Canadian consumer confidence doubles: Poll

By Scot Blythe | January 9, 2003 | Last updated on January 9, 2003
3 min read

(January 9, 2003) A majority of Canadians see the economic good times continuing through 2003. That’s a marked difference from gloomy attitudes last year, according to a poll by Pollara.

The survey, conducted for the Economic Club of Toronto, shows that 56% of Canadians think the economy will get better over the next 12 months. That’s up from 28% in December 2001. The survey polled 1,677 Canadians in late November and early December, 2002.

Canadians “appear to have totally recovered from the clouds of economic pessimism and despair they suffered from in the post-September 11 period,” says Michael Marzolini, chairman and CEO of Pollara. In that period, he says, Canadians feared job security was fragile and increased personal spending was risky. They also feared that tax cuts would be halted and that the budget would fall into deficit.

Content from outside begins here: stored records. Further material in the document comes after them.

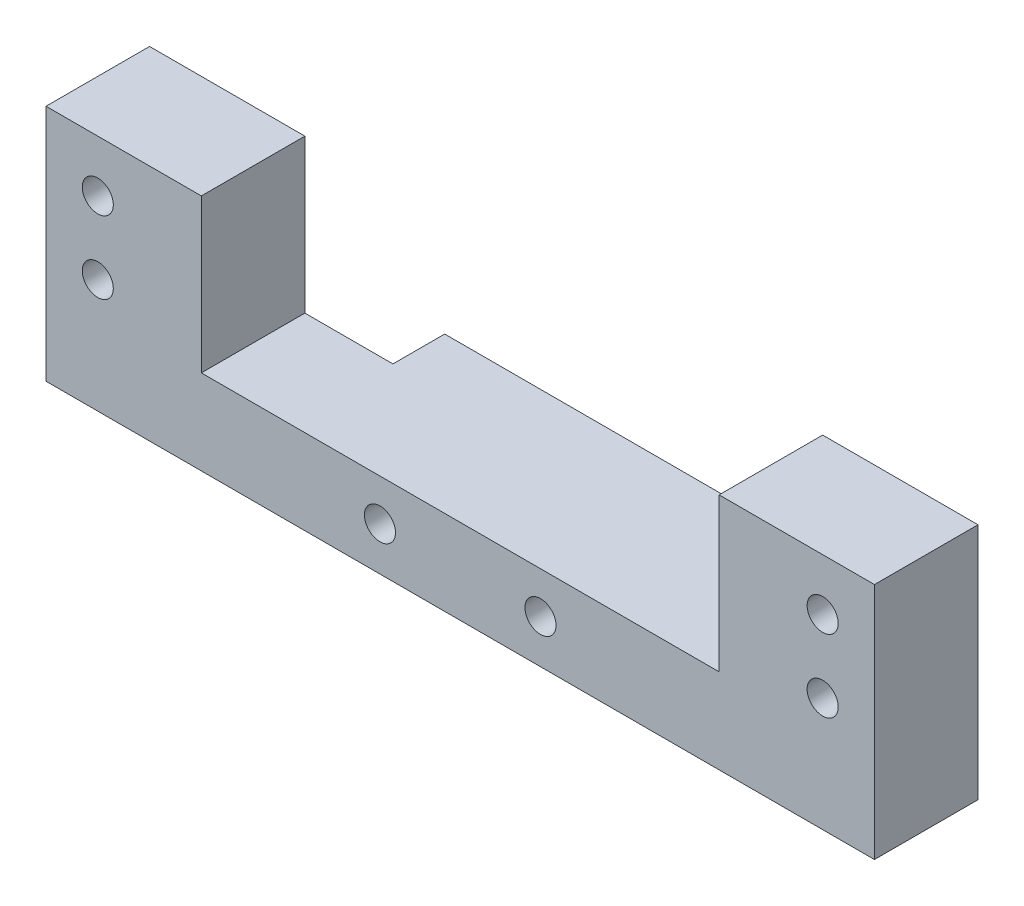
ISO-10303-21;
HEADER;
FILE_DESCRIPTION(('STEP AP214'),'2;1');
FILE_NAME('part.step','',(''),(''),'','','');
FILE_SCHEMA(('AUTOMOTIVE_DESIGN { 1 0 10303 214 1 1 1 1 }'));
ENDSEC;
DATA;
#1=APPLICATION_CONTEXT('core data for automotive mechanical design processes');
#2=APPLICATION_PROTOCOL_DEFINITION('international standard','automotive_design',2000,#1);
#3=PRODUCT_CONTEXT('',#1,'mechanical');
#4=PRODUCT('Part','Part','',(#3));
#5=PRODUCT_RELATED_PRODUCT_CATEGORY('part','',(#4));
#6=PRODUCT_DEFINITION_FORMATION('','',#4);
#7=PRODUCT_DEFINITION_CONTEXT('part definition',#1,'design');
#8=PRODUCT_DEFINITION('design','',#6,#7);
#9=PRODUCT_DEFINITION_SHAPE('','',#8);
#10=(LENGTH_UNIT() NAMED_UNIT(*) SI_UNIT(.MILLI.,.METRE.));
#11=(NAMED_UNIT(*) PLANE_ANGLE_UNIT() SI_UNIT($,.RADIAN.));
#12=(NAMED_UNIT(*) SI_UNIT($,.STERADIAN.) SOLID_ANGLE_UNIT());
#13=UNCERTAINTY_MEASURE_WITH_UNIT(LENGTH_MEASURE(1.E-05),#10,'distance_accuracy_value','');
#14=(GEOMETRIC_REPRESENTATION_CONTEXT(3) GLOBAL_UNCERTAINTY_ASSIGNED_CONTEXT((#13)) GLOBAL_UNIT_ASSIGNED_CONTEXT((#10,
#11,#12)) REPRESENTATION_CONTEXT('',''));
#15=CARTESIAN_POINT('',(0.,0.,0.));
#16=DIRECTION('',(0.,0.,1.));
#17=DIRECTION('',(1.,0.,0.));
#18=AXIS2_PLACEMENT_3D('',#15,#16,#17);
#19=CARTESIAN_POINT('',(0.,0.,0.));
#20=DIRECTION('',(0.,0.,-1.));
#21=DIRECTION('',(-1.,0.,0.));
#22=AXIS2_PLACEMENT_3D('',#19,#20,#21);
#23=PLANE('',#22);
#24=DIRECTION('',(0.,-1.,0.));
#25=VECTOR('',#24,1.);
#26=CARTESIAN_POINT('',(56.5,8.2,0.));
#27=LINE('',#26,#25);
#28=CARTESIAN_POINT('',(56.5,8.2,0.));
#29=VERTEX_POINT('',#28);
#30=CARTESIAN_POINT('',(56.5,0.,0.));
#31=VERTEX_POINT('',#30);
#32=EDGE_CURVE('E149',#29,#31,#27,.T.);
#33=ORIENTED_EDGE('',*,*,#32,.F.);
#34=DIRECTION('',(1.,0.,0.));
#35=VECTOR('',#34,1.);
#36=CARTESIAN_POINT('',(15.,8.2,0.));
#37=LINE('',#36,#35);
#38=CARTESIAN_POINT('',(65.,8.2,0.));
#39=VERTEX_POINT('',#38);
#40=EDGE_CURVE('E183',#29,#39,#37,.T.);
#41=ORIENTED_EDGE('',*,*,#40,.T.);
#42=DIRECTION('',(0.,1.,0.));
#43=VECTOR('',#42,1.);
#44=CARTESIAN_POINT('',(65.,23.,0.));
#45=LINE('',#44,#43);
#46=CARTESIAN_POINT('',(65.,23.,0.));
#47=VERTEX_POINT('',#46);
#48=EDGE_CURVE('E187',#39,#47,#45,.T.);
#49=ORIENTED_EDGE('',*,*,#48,.T.);
#50=DIRECTION('',(-1.,0.,0.));
#51=VECTOR('',#50,1.);
#52=CARTESIAN_POINT('',(0.,23.,0.));
#53=LINE('',#52,#51);
#54=CARTESIAN_POINT('',(80.,23.,0.));
#55=VERTEX_POINT('',#54);
#56=EDGE_CURVE('E210',#55,#47,#53,.T.);
#57=ORIENTED_EDGE('',*,*,#56,.F.);
#58=DIRECTION('',(0.,1.,0.));
#59=VECTOR('',#58,1.);
#60=CARTESIAN_POINT('',(80.,0.,0.));
#61=LINE('',#60,#59);
#62=CARTESIAN_POINT('',(80.,0.,0.));
#63=VERTEX_POINT('',#62);
#64=EDGE_CURVE('E223',#63,#55,#61,.T.);
#65=ORIENTED_EDGE('',*,*,#64,.F.);
#66=DIRECTION('',(1.,0.,0.));
#67=VECTOR('',#66,1.);
#68=CARTESIAN_POINT('',(0.,0.,0.));
#69=LINE('',#68,#67);
#70=EDGE_CURVE('E54',#31,#63,#69,.T.);
#71=ORIENTED_EDGE('',*,*,#70,.F.);
#72=EDGE_LOOP('',(#33,#41,#49,#57,#65,#71));
#73=FACE_BOUND('',#72,.T.);
#74=CARTESIAN_POINT('',(75.,11.,0.));
#75=DIRECTION('',(0.,0.,1.));
#76=DIRECTION('',(-1.,0.,0.));
#77=AXIS2_PLACEMENT_3D('',#74,#75,#76);
#78=CIRCLE('',#77,1.5);
#79=CARTESIAN_POINT('',(73.5,11.,0.));
#80=VERTEX_POINT('',#79);
#81=EDGE_CURVE('E166',#80,#80,#78,.T.);
#82=ORIENTED_EDGE('',*,*,#81,.T.);
#83=EDGE_LOOP('',(#82));
#84=FACE_BOUND('',#83,.T.);
#85=CARTESIAN_POINT('',(75.,18.,0.));
#86=DIRECTION('',(0.,0.,1.));
#87=DIRECTION('',(-1.,0.,0.));
#88=AXIS2_PLACEMENT_3D('',#85,#86,#87);
#89=CIRCLE('',#88,1.50000000000001);
#90=CARTESIAN_POINT('',(73.5,18.,0.));
#91=VERTEX_POINT('',#90);
#92=EDGE_CURVE('E153',#91,#91,#89,.T.);
#93=ORIENTED_EDGE('',*,*,#92,.T.);
#94=EDGE_LOOP('',(#93));
#95=FACE_BOUND('',#94,.T.);
#96=ADVANCED_FACE('F37',(#73,#84,#95),#23,.T.);
#97=CARTESIAN_POINT('',(0.,23.,10.));
#98=DIRECTION('',(0.,-1.,0.));
#99=DIRECTION('',(0.,0.,-1.));
#100=AXIS2_PLACEMENT_3D('',#97,#98,#99);
#101=PLANE('',#100);
#102=DIRECTION('',(-1.,0.,0.));
#103=VECTOR('',#102,1.);
#104=CARTESIAN_POINT('',(0.,23.,10.));
#105=LINE('',#104,#103);
#106=CARTESIAN_POINT('',(15.,23.,10.));
#107=VERTEX_POINT('',#106);
#108=CARTESIAN_POINT('',(0.,23.,10.));
#109=VERTEX_POINT('',#108);
#110=EDGE_CURVE('E214',#107,#109,#105,.T.);
#111=ORIENTED_EDGE('',*,*,#110,.F.);
#112=DIRECTION('',(0.,0.,1.));
#113=VECTOR('',#112,1.);
#114=CARTESIAN_POINT('',(15.,23.,0.));
#115=LINE('',#114,#113);
#116=CARTESIAN_POINT('',(15.,23.,0.));
#117=VERTEX_POINT('',#116);
#118=EDGE_CURVE('E197',#117,#107,#115,.T.);
#119=ORIENTED_EDGE('',*,*,#118,.F.);
#120=CARTESIAN_POINT('',(0.,23.,0.));
#121=VERTEX_POINT('',#120);
#122=EDGE_CURVE('E225',#117,#121,#53,.T.);
#123=ORIENTED_EDGE('',*,*,#122,.T.);
#124=DIRECTION('',(0.,0.,-1.));
#125=VECTOR('',#124,1.);
#126=CARTESIAN_POINT('',(0.,23.,10.));
#127=LINE('',#126,#125);
#128=EDGE_CURVE('E218',#109,#121,#127,.T.);
#129=ORIENTED_EDGE('',*,*,#128,.F.);
#130=EDGE_LOOP('',(#111,#119,#123,#129));
#131=FACE_BOUND('',#130,.T.);
#132=ADVANCED_FACE('F272',(#131),#101,.F.);
#133=CARTESIAN_POINT('',(0.,0.,10.));
#134=DIRECTION('',(1.,0.,0.));
#135=DIRECTION('',(0.,0.,-1.));
#136=AXIS2_PLACEMENT_3D('',#133,#134,#135);
#137=PLANE('',#136);
#138=DIRECTION('',(0.,-1.,0.));
#139=VECTOR('',#138,1.);
#140=CARTESIAN_POINT('',(0.,0.,0.));
#141=LINE('',#140,#139);
#142=CARTESIAN_POINT('',(0.,0.,0.));
#143=VERTEX_POINT('',#142);
#144=EDGE_CURVE('E199',#121,#143,#141,.T.);
#145=ORIENTED_EDGE('',*,*,#144,.T.);
#146=DIRECTION('',(0.,0.,-1.));
#147=VECTOR('',#146,1.);
#148=CARTESIAN_POINT('',(0.,0.,10.));
#149=LINE('',#148,#147);
#150=CARTESIAN_POINT('',(0.,0.,10.));
#151=VERTEX_POINT('',#150);
#152=EDGE_CURVE('E11',#151,#143,#149,.T.);
#153=ORIENTED_EDGE('',*,*,#152,.F.);
#154=DIRECTION('',(0.,-1.,0.));
#155=VECTOR('',#154,1.);
#156=CARTESIAN_POINT('',(0.,0.,10.));
#157=LINE('',#156,#155);
#158=EDGE_CURVE('E206',#109,#151,#157,.T.);
#159=ORIENTED_EDGE('',*,*,#158,.F.);
#160=ORIENTED_EDGE('',*,*,#128,.T.);
#161=EDGE_LOOP('',(#145,#153,#159,#160));
#162=FACE_BOUND('',#161,.T.);
#163=ADVANCED_FACE('F39',(#162),#137,.F.);
#164=CARTESIAN_POINT('',(0.,0.,10.));
#165=DIRECTION('',(0.,1.,0.));
#166=DIRECTION('',(0.,0.,1.));
#167=AXIS2_PLACEMENT_3D('',#164,#165,#166);
#168=PLANE('',#167);
#169=CARTESIAN_POINT('',(23.5,0.,0.));
#170=VERTEX_POINT('',#169);
#171=EDGE_CURVE('E221',#143,#170,#69,.T.);
#172=ORIENTED_EDGE('',*,*,#171,.T.);
#173=DIRECTION('',(0.,0.,1.));
#174=VECTOR('',#173,1.);
#175=CARTESIAN_POINT('',(23.5,0.,-5.));
#176=LINE('',#175,#174);
#177=CARTESIAN_POINT('',(23.5,0.,-5.));
#178=VERTEX_POINT('',#177);
#179=EDGE_CURVE('E134',#178,#170,#176,.T.);
#180=ORIENTED_EDGE('',*,*,#179,.F.);
#181=DIRECTION('',(-1.,0.,0.));
#182=VECTOR('',#181,1.);
#183=CARTESIAN_POINT('',(56.5,0.,-5.));
#184=LINE('',#183,#182);
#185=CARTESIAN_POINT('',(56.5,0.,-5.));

Instead, a growing number of Canadians think their income will at least keep pace with inflation, and perhaps even exceed it. They are less concerned about losing their jobs than they were, and as a result don’t feel the need to curtail spending or delay major purchases, such as appliances or houses.

“This is very positive news,” says Mark Adler, chairman of the Economic Club of Toronto. “It supports the general notion of a slow, modest recovery during 2003, led by consumer growth.”

Higher consumer confidence also places significant expectations on government that seem to contrast with U.S. attitudes. “With our new attitude of economic optimism, tax cuts and debt reduction are back on the agenda, ” Marzolini says, “but at the same time so is increased spending.”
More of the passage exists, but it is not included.